It’s been almost 6 weeks since I lost my wonderful Mum and it’s getting harder to deal with.
I find I can almost function during the daytime and “put on a brave face” but inside I feel like I’m dying. I don’t feel I can talk to family before that have their own lives, and I think because I’ve been covering up how I feel so well, they think I’m coping. But I’m not and I don’t know what to do.
I wake up every morning and for a few minutes I almost forget and life feels normal again. Then it hits me and the tears come, sometimes great gulping sobs and other times just gentle tears.
I’m sorry to moan on but I just wondered if any out there is feeling the same (it’s a physical pain sometimes) and how they are coping. I’m on my own and I think that’s making it even worse.

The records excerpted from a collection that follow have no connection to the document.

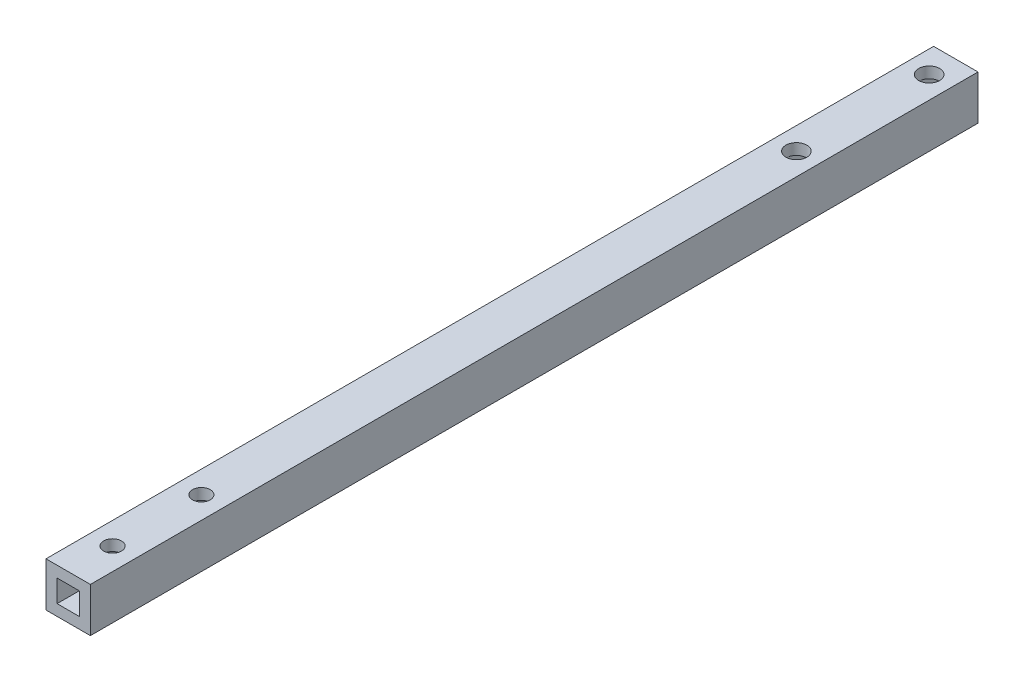
ISO-10303-21;
HEADER;
FILE_DESCRIPTION(('STEP AP214'),'2;1');
FILE_NAME('part.step','',(''),(''),'','','');
FILE_SCHEMA(('AUTOMOTIVE_DESIGN { 1 0 10303 214 1 1 1 1 }'));
ENDSEC;
DATA;
#1=APPLICATION_CONTEXT('core data for automotive mechanical design processes');
#2=APPLICATION_PROTOCOL_DEFINITION('international standard','automotive_design',2000,#1);
#3=PRODUCT_CONTEXT('',#1,'mechanical');
#4=PRODUCT('Part','Part','',(#3));
#5=PRODUCT_RELATED_PRODUCT_CATEGORY('part','',(#4));
#6=PRODUCT_DEFINITION_FORMATION('','',#4);
#7=PRODUCT_DEFINITION_CONTEXT('part definition',#1,'design');
#8=PRODUCT_DEFINITION('design','',#6,#7);
#9=PRODUCT_DEFINITION_SHAPE('','',#8);
#10=(LENGTH_UNIT() NAMED_UNIT(*) SI_UNIT(.MILLI.,.METRE.));
#11=(NAMED_UNIT(*) PLANE_ANGLE_UNIT() SI_UNIT($,.RADIAN.));
#12=(NAMED_UNIT(*) SI_UNIT($,.STERADIAN.) SOLID_ANGLE_UNIT());
#13=UNCERTAINTY_MEASURE_WITH_UNIT(LENGTH_MEASURE(1.E-05),#10,'distance_accuracy_value','');
#14=(GEOMETRIC_REPRESENTATION_CONTEXT(3) GLOBAL_UNCERTAINTY_ASSIGNED_CONTEXT((#13)) GLOBAL_UNIT_ASSIGNED_CONTEXT((#10,
#11,#12)) REPRESENTATION_CONTEXT('',''));
#15=CARTESIAN_POINT('',(0.,0.,0.));
#16=DIRECTION('',(0.,0.,1.));
#17=DIRECTION('',(1.,0.,0.));
#18=AXIS2_PLACEMENT_3D('',#15,#16,#17);
#19=CARTESIAN_POINT('',(0.,0.,127.));
#20=DIRECTION('',(0.,0.,-1.));
#21=DIRECTION('',(-1.,0.,0.));
#22=AXIS2_PLACEMENT_3D('',#19,#20,#21);
#23=PLANE('',#22);
#24=DIRECTION('',(0.,1.,0.));
#25=VECTOR('',#24,1.);
#26=CARTESIAN_POINT('',(3.175,-3.175,127.));
#27=LINE('',#26,#25);
#28=CARTESIAN_POINT('',(3.175,-3.175,127.));
#29=VERTEX_POINT('',#28);
#30=CARTESIAN_POINT('',(3.175,3.175,127.));
#31=VERTEX_POINT('',#30);
#32=EDGE_CURVE('E138',#29,#31,#27,.T.);
#33=ORIENTED_EDGE('',*,*,#32,.T.);
#34=DIRECTION('',(-1.,0.,0.));
#35=VECTOR('',#34,1.);
#36=CARTESIAN_POINT('',(-3.175,3.175,127.));
#37=LINE('',#36,#35);
#38=CARTESIAN_POINT('',(-3.175,3.175,127.));
#39=VERTEX_POINT('',#38);
#40=EDGE_CURVE('E141',#31,#39,#37,.T.);
#41=ORIENTED_EDGE('',*,*,#40,.T.);
#42=DIRECTION('',(0.,-1.,0.));
#43=VECTOR('',#42,1.);
#44=CARTESIAN_POINT('',(-3.175,-3.175,127.));
#45=LINE('',#44,#43);
#46=CARTESIAN_POINT('',(-3.175,-3.175,127.));
#47=VERTEX_POINT('',#46);
#48=EDGE_CURVE('E144',#39,#47,#45,.T.);
#49=ORIENTED_EDGE('',*,*,#48,.T.);
#50=DIRECTION('',(1.,0.,0.));
#51=VECTOR('',#50,1.);
#52=CARTESIAN_POINT('',(-3.175,-3.175,127.));
#53=LINE('',#52,#51);
#54=EDGE_CURVE('E146',#47,#29,#53,.T.);
#55=ORIENTED_EDGE('',*,*,#54,.T.);
#56=EDGE_LOOP('',(#33,#41,#49,#55));
#57=FACE_BOUND('',#56,.T.);
#58=DIRECTION('',(0.,1.,0.));
#59=VECTOR('',#58,1.);
#60=CARTESIAN_POINT('',(1.5875,-1.5875,127.));
#61=LINE('',#60,#59);
#62=CARTESIAN_POINT('',(1.5875,-1.5875,127.));
#63=VERTEX_POINT('',#62);
#64=CARTESIAN_POINT('',(1.5875,1.5875,127.));
#65=VERTEX_POINT('',#64);
#66=EDGE_CURVE('E100',#63,#65,#61,.T.);
#67=ORIENTED_EDGE('',*,*,#66,.F.);
#68=DIRECTION('',(1.,0.,0.));
#69=VECTOR('',#68,1.);
#70=CARTESIAN_POINT('',(-1.5875,-1.5875,127.));
#71=LINE('',#70,#69);
#72=CARTESIAN_POINT('',(-1.5875,-1.5875,127.));
#73=VERTEX_POINT('',#72);
#74=EDGE_CURVE('E122',#73,#63,#71,.T.);
#75=ORIENTED_EDGE('',*,*,#74,.F.);
#76=DIRECTION('',(0.,-1.,0.));
#77=VECTOR('',#76,1.);
#78=CARTESIAN_POINT('',(-1.5875,-1.5875,127.));
#79=LINE('',#78,#77);
#80=CARTESIAN_POINT('',(-1.5875,1.5875,127.));
#81=VERTEX_POINT('',#80);
#82=EDGE_CURVE('E120',#81,#73,#79,.T.);
#83=ORIENTED_EDGE('',*,*,#82,.F.);
#84=DIRECTION('',(-1.,0.,0.));
#85=VECTOR('',#84,1.);
#86=CARTESIAN_POINT('',(-1.5875,1.5875,127.));
#87=LINE('',#86,#85);
#88=EDGE_CURVE('E108',#65,#81,#87,.T.);
#89=ORIENTED_EDGE('',*,*,#88,.F.);
#90=EDGE_LOOP('',(#67,#75,#83,#89));
#91=FACE_BOUND('',#90,.T.);
#92=ADVANCED_FACE('F33',(#57,#91),#23,.F.);
#93=CARTESIAN_POINT('',(0.,0.,0.));
#94=DIRECTION('',(0.,0.,-1.));
#95=DIRECTION('',(-1.,0.,0.));
#96=AXIS2_PLACEMENT_3D('',#93,#94,#95);
#97=PLANE('',#96);
#98=DIRECTION('',(0.,1.,0.));
#99=VECTOR('',#98,1.);
#100=CARTESIAN_POINT('',(3.175,-3.175,0.));
#101=LINE('',#100,#99);
#102=CARTESIAN_POINT('',(3.175,-3.175,0.));
#103=VERTEX_POINT('',#102);
#104=CARTESIAN_POINT('',(3.175,3.175,0.));
#105=VERTEX_POINT('',#104);
#106=EDGE_CURVE('E116',#103,#105,#101,.T.);
#107=ORIENTED_EDGE('',*,*,#106,.F.);
#108=DIRECTION('',(1.,0.,0.));
#109=VECTOR('',#108,1.);
#110=CARTESIAN_POINT('',(-3.175,-3.175,0.));
#111=LINE('',#110,#109);
#112=CARTESIAN_POINT('',(-3.175,-3.175,0.));
#113=VERTEX_POINT('',#112);
#114=EDGE_CURVE('E142',#113,#103,#111,.T.);
#115=ORIENTED_EDGE('',*,*,#114,.F.);
#116=DIRECTION('',(0.,-1.,0.));
#117=VECTOR('',#116,1.);
#118=CARTESIAN_POINT('',(-3.175,-3.175,0.));
#119=LINE('',#118,#117);
#120=CARTESIAN_POINT('',(-3.175,3.175,0.));
#121=VERTEX_POINT('',#120);
#122=EDGE_CURVE('E153',#121,#113,#119,.T.);
#123=ORIENTED_EDGE('',*,*,#122,.F.);
#124=DIRECTION('',(-1.,0.,0.));
#125=VECTOR('',#124,1.);
#126=CARTESIAN_POINT('',(-3.175,3.175,0.));
#127=LINE('',#126,#125);
#128=EDGE_CURVE('E151',#105,#121,#127,.T.);
#129=ORIENTED_EDGE('',*,*,#128,.F.);
#130=EDGE_LOOP('',(#107,#115,#123,#129));
#131=FACE_BOUND('',#130,.T.);
#132=DIRECTION('',(1.,0.,0.));
#133=VECTOR('',#132,1.);
#134=CARTESIAN_POINT('',(-1.5875,-1.5875,0.));
#135=LINE('',#134,#133);
#136=CARTESIAN_POINT('',(-1.5875,-1.5875,0.));
#137=VERTEX_POINT('',#136);
#138=CARTESIAN_POINT('',(1.5875,-1.5875,0.));
#139=VERTEX_POINT('',#138);
#140=EDGE_CURVE('E109',#137,#139,#135,.T.);
#141=ORIENTED_EDGE('',*,*,#140,.T.);
#142=DIRECTION('',(0.,1.,0.));
#143=VECTOR('',#142,1.);
#144=CARTESIAN_POINT('',(1.5875,-1.5875,0.));
#145=LINE('',#144,#143);
#146=CARTESIAN_POINT('',(1.5875,1.5875,0.));
#147=VERTEX_POINT('',#146);
#148=EDGE_CURVE('E58',#139,#147,#145,.T.);
#149=ORIENTED_EDGE('',*,*,#148,.T.);
#150=DIRECTION('',(-1.,0.,0.));
#151=VECTOR('',#150,1.);
#152=CARTESIAN_POINT('',(-1.5875,1.5875,0.));
#153=LINE('',#152,#151);
#154=CARTESIAN_POINT('',(-1.5875,1.5875,0.));
#155=VERTEX_POINT('',#154);
#156=EDGE_CURVE('E115',#147,#155,#153,.T.);
#157=ORIENTED_EDGE('',*,*,#156,.T.);
#158=DIRECTION('',(0.,-1.,0.));
#159=VECTOR('',#158,1.);
#160=CARTESIAN_POINT('',(-1.5875,-1.5875,0.));
#161=LINE('',#160,#159);
#162=EDGE_CURVE('E130',#155,#137,#161,.T.);
#163=ORIENTED_EDGE('',*,*,#162,.T.);
#164=EDGE_LOOP('',(#141,#149,#157,#163));
#165=FACE_BOUND('',#164,.T.);
#166=ADVANCED_FACE('F226',(#131,#165),#97,.T.);
#167=CARTESIAN_POINT('',(3.175,-3.175,127.));
#168=DIRECTION('',(-1.,0.,0.));
#169=DIRECTION('',(0.,0.,1.));
#170=AXIS2_PLACEMENT_3D('',#167,#168,#169);
#171=PLANE('',#170);
#172=ORIENTED_EDGE('',*,*,#106,.T.);
#173=DIRECTION('',(0.,0.,-1.));
#174=VECTOR('',#173,1.);
#175=CARTESIAN_POINT('',(3.175,3.175,127.));
#176=LINE('',#175,#174);
#177=EDGE_CURVE('E11',#31,#105,#176,.T.);
#178=ORIENTED_EDGE('',*,*,#177,.F.);
#179=ORIENTED_EDGE('',*,*,#32,.F.);
#180=DIRECTION('',(0.,0.,-1.));
#181=VECTOR('',#180,1.);
#182=CARTESIAN_POINT('',(3.175,-3.175,127.));
#183=LINE('',#182,#181);
#184=EDGE_CURVE('E148',#29,#103,#183,.T.);
#185=ORIENTED_EDGE('',*,*,#184,.T.);
#186=EDGE_LOOP('',(#172,#178,#179,#185));
#187=FACE_BOUND('',#186,.T.);
#188=ADVANCED_FACE('F35',(#187),#171,.F.);
#189=CARTESIAN_POINT('',(-3.175,3.175,127.));
#190=DIRECTION('',(0.,-1.,0.));
#191=DIRECTION('',(0.,0.,-1.));
#192=AXIS2_PLACEMENT_3D('',#189,#190,#191);
#193=PLANE('',#192);
#194=CARTESIAN_POINT('',(0.,3.175,22.81));
#195=DIRECTION('',(0.,1.,0.));
#196=DIRECTION('',(0.,0.,-1.));
#197=AXIS2_PLACEMENT_3D('',#194,#195,#196);
#198=CIRCLE('',#197,1.5);
#199=CARTESIAN_POINT('',(0.,3.175,21.31));
#200=VERTEX_POINT('',#199);
#201=EDGE_CURVE('E253',#200,#200,#198,.T.);
#202=ORIENTED_EDGE('',*,*,#201,.F.);
#203=EDGE_LOOP('',(#202));
#204=FACE_BOUND('',#203,.T.);
#205=CARTESIAN_POINT('',(0.,3.175,3.81));
#206=DIRECTION('',(0.,1.,0.));
#207=DIRECTION('',(0.,0.,1.));
#208=AXIS2_PLACEMENT_3D('',#205,#206,#207);
#209=CIRCLE('',#208,1.5);
#210=CARTESIAN_POINT('',(0.,3.175,5.31));
#211=VERTEX_POINT('',#210);
#212=EDGE_CURVE('E175',#211,#211,#209,.T.);
#213=ORIENTED_EDGE('',*,*,#212,.F.);
#214=EDGE_LOOP('',(#213));
#215=FACE_BOUND('',#214,.T.);
#216=CARTESIAN_POINT('',(0.,3.175,107.95));
#217=DIRECTION('',(0.,1.,0.));
#218=DIRECTION('',(0.,0.,1.));
#219=AXIS2_PLACEMENT_3D('',#216,#217,#218);
#220=CIRCLE('',#219,1.27000000000001);
#221=CARTESIAN_POINT('',(0.,3.175,109.22));
#222=VERTEX_POINT('',#221);
#223=EDGE_CURVE('E171',#222,#222,#220,.T.);
#224=ORIENTED_EDGE('',*,*,#223,.F.);
#225=EDGE_LOOP('',(#224));
#226=FACE_BOUND('',#225,.T.);
#227=CARTESIAN_POINT('',(0.,3.175,120.65));
#228=DIRECTION('',(0.,1.,0.));
#229=DIRECTION('',(0.,0.,1.));
#230=AXIS2_PLACEMENT_3D('',#227,#228,#229);
#231=CIRCLE('',#230,1.27000000000001);
#232=CARTESIAN_POINT('',(0.,3.175,121.92));
#233=VERTEX_POINT('',#232);
#234=EDGE_CURVE('E167',#233,#233,#231,.T.);
#235=ORIENTED_EDGE('',*,*,#234,.F.);
#236=EDGE_LOOP('',(#235));
#237=FACE_BOUND('',#236,.T.);
#238=ORIENTED_EDGE('',*,*,#128,.T.);
#239=DIRECTION('',(0.,0.,-1.));
#240=VECTOR('',#239,1.);
#241=CARTESIAN_POINT('',(-3.175,3.175,127.));
#242=LINE('',#241,#240);
#243=EDGE_CURVE('E42',#39,#121,#242,.T.);
#244=ORIENTED_EDGE('',*,*,#243,.F.);
#245=ORIENTED_EDGE('',*,*,#40,.F.);
#246=ORIENTED_EDGE('',*,*,#177,.T.);
#247=EDGE_LOOP('',(#238,#244,#245,#246));
#248=FACE_BOUND('',#247,.T.);
#249=ADVANCED_FACE('F242',(#204,#215,#226,#237,#248),#193,.F.);
#250=CARTESIAN_POINT('',(-3.175,-3.175,127.));
#251=DIRECTION('',(1.,0.,0.));
#252=DIRECTION('',(0.,0.,-1.));
#253=AXIS2_PLACEMENT_3D('',#250,#251,#252);
#254=PLANE('',#253);
#255=ORIENTED_EDGE('',*,*,#122,.T.);
#256=DIRECTION('',(0.,0.,-1.));
#257=VECTOR('',#256,1.);
#258=CARTESIAN_POINT('',(-3.175,-3.175,127.));
#259=LINE('',#258,#257);
#260=EDGE_CURVE('E158',#47,#113,#259,.T.);
#261=ORIENTED_EDGE('',*,*,#260,.F.);
#262=ORIENTED_EDGE('',*,*,#48,.F.);
#263=ORIENTED_EDGE('',*,*,#243,.T.);
#264=EDGE_LOOP('',(#255,#261,#262,#263));
#265=FACE_BOUND('',#264,.T.);
#266=ADVANCED_FACE('F239',(#265),#254,.F.);
#267=CARTESIAN_POINT('',(-3.175,-3.175,127.));
#268=DIRECTION('',(0.,1.,0.));
#269=DIRECTION('',(0.,0.,1.));
#270=AXIS2_PLACEMENT_3D('',#267,#268,#269);
#271=PLANE('',#270);
#272=CARTESIAN_POINT('',(0.,-3.175,22.81));
#273=DIRECTION('',(0.,1.,0.));
#274=DIRECTION('',(0.,0.,1.));
#275=AXIS2_PLACEMENT_3D('',#272,#273,#274);
#276=CIRCLE('',#275,1.5);
#277=CARTESIAN_POINT('',(0.,-3.175,24.31));
#278=VERTEX_POINT('',#277);
#279=EDGE_CURVE('E182',#278,#278,#276,.T.);
#280=ORIENTED_EDGE('',*,*,#279,.T.);
#281=EDGE_LOOP('',(#280));
#282=FACE_BOUND('',#281,.T.);
#283=CARTESIAN_POINT('',(0.,-3.175,3.81));
#284=DIRECTION('',(0.,1.,0.));
#285=DIRECTION('',(0.,0.,1.));
#286=AXIS2_PLACEMENT_3D('',#283,#284,#285);
#287=CIRCLE('',#286,1.5);
#288=CARTESIAN_POINT('',(0.,-3.175,5.31));
#289=VERTEX_POINT('',#288);
#290=EDGE_CURVE('E179',#289,#289,#287,.T.);
#291=ORIENTED_EDGE('',*,*,#290,.T.);
#292=EDGE_LOOP('',(#291));
#293=FACE_BOUND('',#292,.T.);
#294=CARTESIAN_POINT('',(0.,-3.175,107.95));
#295=DIRECTION('',(0.,1.,0.));
#296=DIRECTION('',(0.,0.,1.));
#297=AXIS2_PLACEMENT_3D('',#294,#295,#296);
#298=CIRCLE('',#297,1.27000000000001);
#299=CARTESIAN_POINT('',(0.,-3.175,109.22));
#300=VERTEX_POINT('',#299);
#301=EDGE_CURVE('E197',#300,#300,#298,.T.);
#302=ORIENTED_EDGE('',*,*,#301,.T.);
#303=EDGE_LOOP('',(#302));
#304=FACE_BOUND('',#303,.T.);
#305=CARTESIAN_POINT('',(0.,-3.175,120.65));
#306=DIRECTION('',(0.,1.,0.));
#307=DIRECTION('',(0.,0.,1.));
#308=AXIS2_PLACEMENT_3D('',#305,#306,#307);
#309=CIRCLE('',#308,1.27000000000001);
#310=CARTESIAN_POINT('',(0.,-3.175,121.92));
#311=VERTEX_POINT('',#310);
#312=EDGE_CURVE('E128',#311,#311,#309,.T.);
#313=ORIENTED_EDGE('',*,*,#312,.T.);
#314=EDGE_LOOP('',(#313));
#315=FACE_BOUND('',#314,.T.);
#316=ORIENTED_EDGE('',*,*,#114,.T.);
#317=ORIENTED_EDGE('',*,*,#184,.F.);
#318=ORIENTED_EDGE('',*,*,#54,.F.);
#319=ORIENTED_EDGE('',*,*,#260,.T.);
#320=EDGE_LOOP('',(#316,#317,#318,#319));
#321=FACE_BOUND('',#320,.T.);
#322=ADVANCED_FACE('F206',(#282,#293,#304,#315,#321),#271,.F.);
#323=CARTESIAN_POINT('',(1.5875,-1.5875,127.));
#324=DIRECTION('',(-1.,0.,0.));
#325=DIRECTION('',(0.,0.,1.));
#326=AXIS2_PLACEMENT_3D('',#323,#324,#325);
#327=PLANE('',#326);
#328=ORIENTED_EDGE('',*,*,#148,.F.);
#329=DIRECTION('',(0.,0.,-1.));
#330=VECTOR('',#329,1.);
#331=CARTESIAN_POINT('',(1.5875,-1.5875,127.));
#332=LINE('',#331,#330);
#333=EDGE_CURVE('E104',#63,#139,#332,.T.);
#334=ORIENTED_EDGE('',*,*,#333,.F.);
#335=ORIENTED_EDGE('',*,*,#66,.T.);
#336=DIRECTION('',(0.,0.,-1.));
#337=VECTOR('',#336,1.);
#338=CARTESIAN_POINT('',(1.5875,1.5875,127.));
#339=LINE('',#338,#337);
#340=EDGE_CURVE('E103',#65,#147,#339,.T.);
#341=ORIENTED_EDGE('',*,*,#340,.T.);
#342=EDGE_LOOP('',(#328,#334,#335,#341));
#343=FACE_BOUND('',#342,.T.);
#344=ADVANCED_FACE('F102',(#343),#327,.T.);
#345=CARTESIAN_POINT('',(-1.5875,1.5875,127.));
#346=DIRECTION('',(0.,-1.,0.));
#347=DIRECTION('',(0.,0.,-1.));
#348=AXIS2_PLACEMENT_3D('',#345,#346,#347);
#349=PLANE('',#348);
#350=CARTESIAN_POINT('',(0.,1.5875,22.81));
#351=DIRECTION('',(0.,-1.,0.));
#352=DIRECTION('',(0.,0.,-1.));
#353=AXIS2_PLACEMENT_3D('',#350,#351,#352);
#354=CIRCLE('',#353,1.5);
#355=CARTESIAN_POINT('',(0.,1.5875,21.31));
#356=VERTEX_POINT('',#355);
#357=EDGE_CURVE('E187',#356,#356,#354,.T.);
#358=ORIENTED_EDGE('',*,*,#357,.F.);
#359=EDGE_LOOP('',(#358));
#360=FACE_BOUND('',#359,.T.);
#361=CARTESIAN_POINT('',(0.,1.5875,3.81));
#362=DIRECTION('',(0.,-1.,0.));
#363=DIRECTION('',(0.,0.,-1.));
#364=AXIS2_PLACEMENT_3D('',#361,#362,#363);
#365=CIRCLE('',#364,1.5);
#366=CARTESIAN_POINT('',(0.,1.5875,2.31));
#367=VERTEX_POINT('',#366);
#368=EDGE_CURVE('E174',#367,#367,#365,.T.);
#369=ORIENTED_EDGE('',*,*,#368,.F.);
#370=EDGE_LOOP('',(#369));
#371=FACE_BOUND('',#370,.T.);
#372=CARTESIAN_POINT('',(0.,1.5875,107.95));
#373=DIRECTION('',(0.,-1.,0.));
#374=DIRECTION('',(0.,0.,-1.));
#375=AXIS2_PLACEMENT_3D('',#372,#373,#374);
#376=CIRCLE('',#375,1.27000000000001);
#377=CARTESIAN_POINT('',(0.,1.5875,106.68));
#378=VERTEX_POINT('',#377);
#379=EDGE_CURVE('E170',#378,#378,#376,.T.);
#380=ORIENTED_EDGE('',*,*,#379,.F.);
#381=EDGE_LOOP('',(#380));
#382=FACE_BOUND('',#381,.T.);
#383=CARTESIAN_POINT('',(0.,1.5875,120.65));
#384=DIRECTION('',(0.,-1.,0.));
#385=DIRECTION('',(0.,0.,-1.));
#386=AXIS2_PLACEMENT_3D('',#383,#384,#385);
#387=CIRCLE('',#386,1.27000000000001);
#388=CARTESIAN_POINT('',(0.,1.5875,119.38));
#389=VERTEX_POINT('',#388);
#390=EDGE_CURVE('E166',#389,#389,#387,.T.);
#391=ORIENTED_EDGE('',*,*,#390,.F.);
#392=EDGE_LOOP('',(#391));
#393=FACE_BOUND('',#392,.T.);
#394=ORIENTED_EDGE('',*,*,#156,.F.);
#395=ORIENTED_EDGE('',*,*,#340,.F.);
#396=ORIENTED_EDGE('',*,*,#88,.T.);
#397=DIRECTION('',(0.,0.,-1.));
#398=VECTOR('',#397,1.);
#399=CARTESIAN_POINT('',(-1.5875,1.5875,127.));
#400=LINE('',#399,#398);
#401=EDGE_CURVE('E117',#81,#155,#400,.T.);
#402=ORIENTED_EDGE('',*,*,#401,.T.);
#403=EDGE_LOOP('',(#394,#395,#396,#402));
#404=FACE_BOUND('',#403,.T.);
#405=ADVANCED_FACE('F112',(#360,#371,#382,#393,#404),#349,.T.);
#406=CARTESIAN_POINT('',(-1.5875,-1.5875,127.));
#407=DIRECTION('',(1.,0.,0.));
#408=DIRECTION('',(0.,0.,-1.));
#409=AXIS2_PLACEMENT_3D('',#406,#407,#408);
#410=PLANE('',#409);
#411=ORIENTED_EDGE('',*,*,#162,.F.);
#412=ORIENTED_EDGE('',*,*,#401,.F.);
#413=ORIENTED_EDGE('',*,*,#82,.T.);
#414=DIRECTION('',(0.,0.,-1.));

Sending love and hugs to anyone who is going through the same thing
So so sorry. I don’t know what to say. I lost my mum 3 years ago and I still feel so empty and alone. The pain is unbearable without her. I am lost still and not coping. I feel like I am living and existing because I have to, not because I want to. I go on because I know mum would want me to love and be happy. I just hate life without her. I never knew it was possible to miss someone so much. My mum was my everything, we did everything together. I am trying my hardest to live, do things, which I do but I’m not happy and I know my mum would hate that. All I know is to take it one day at a time. Sending hugs
When will it get better was the question. Seems like it takes a long time or will never get better. But looking back it is not quite three years it isn’t as bad as it was but not completely used to it. I didn’t expect to before three years because it isn’t only my husband lost so kno
Sorry. I don’t understand your reply or if you are replying to me or the original poster. The point of my reply is that it’s not better for me 3 years on. I have waves and really bad spots and I’m getting on with life but no, it doesn’t, it’s always there
Hi, I’m going through the exact same thing. My lovely mum passed away a week ago today so sudden and unexpected. I can’t eat or sleep. Iv got this heavy weight in my stomach that won’t go . I’m crying non stop and it feels like my heart is breaking I can’t get my head around that I’m never going to see her again. You are not alone in this x
I do not understand a lot of what other people say either because we are all different. I do not understand why it is that in mid sentence this feed drops off and I can’t correct it.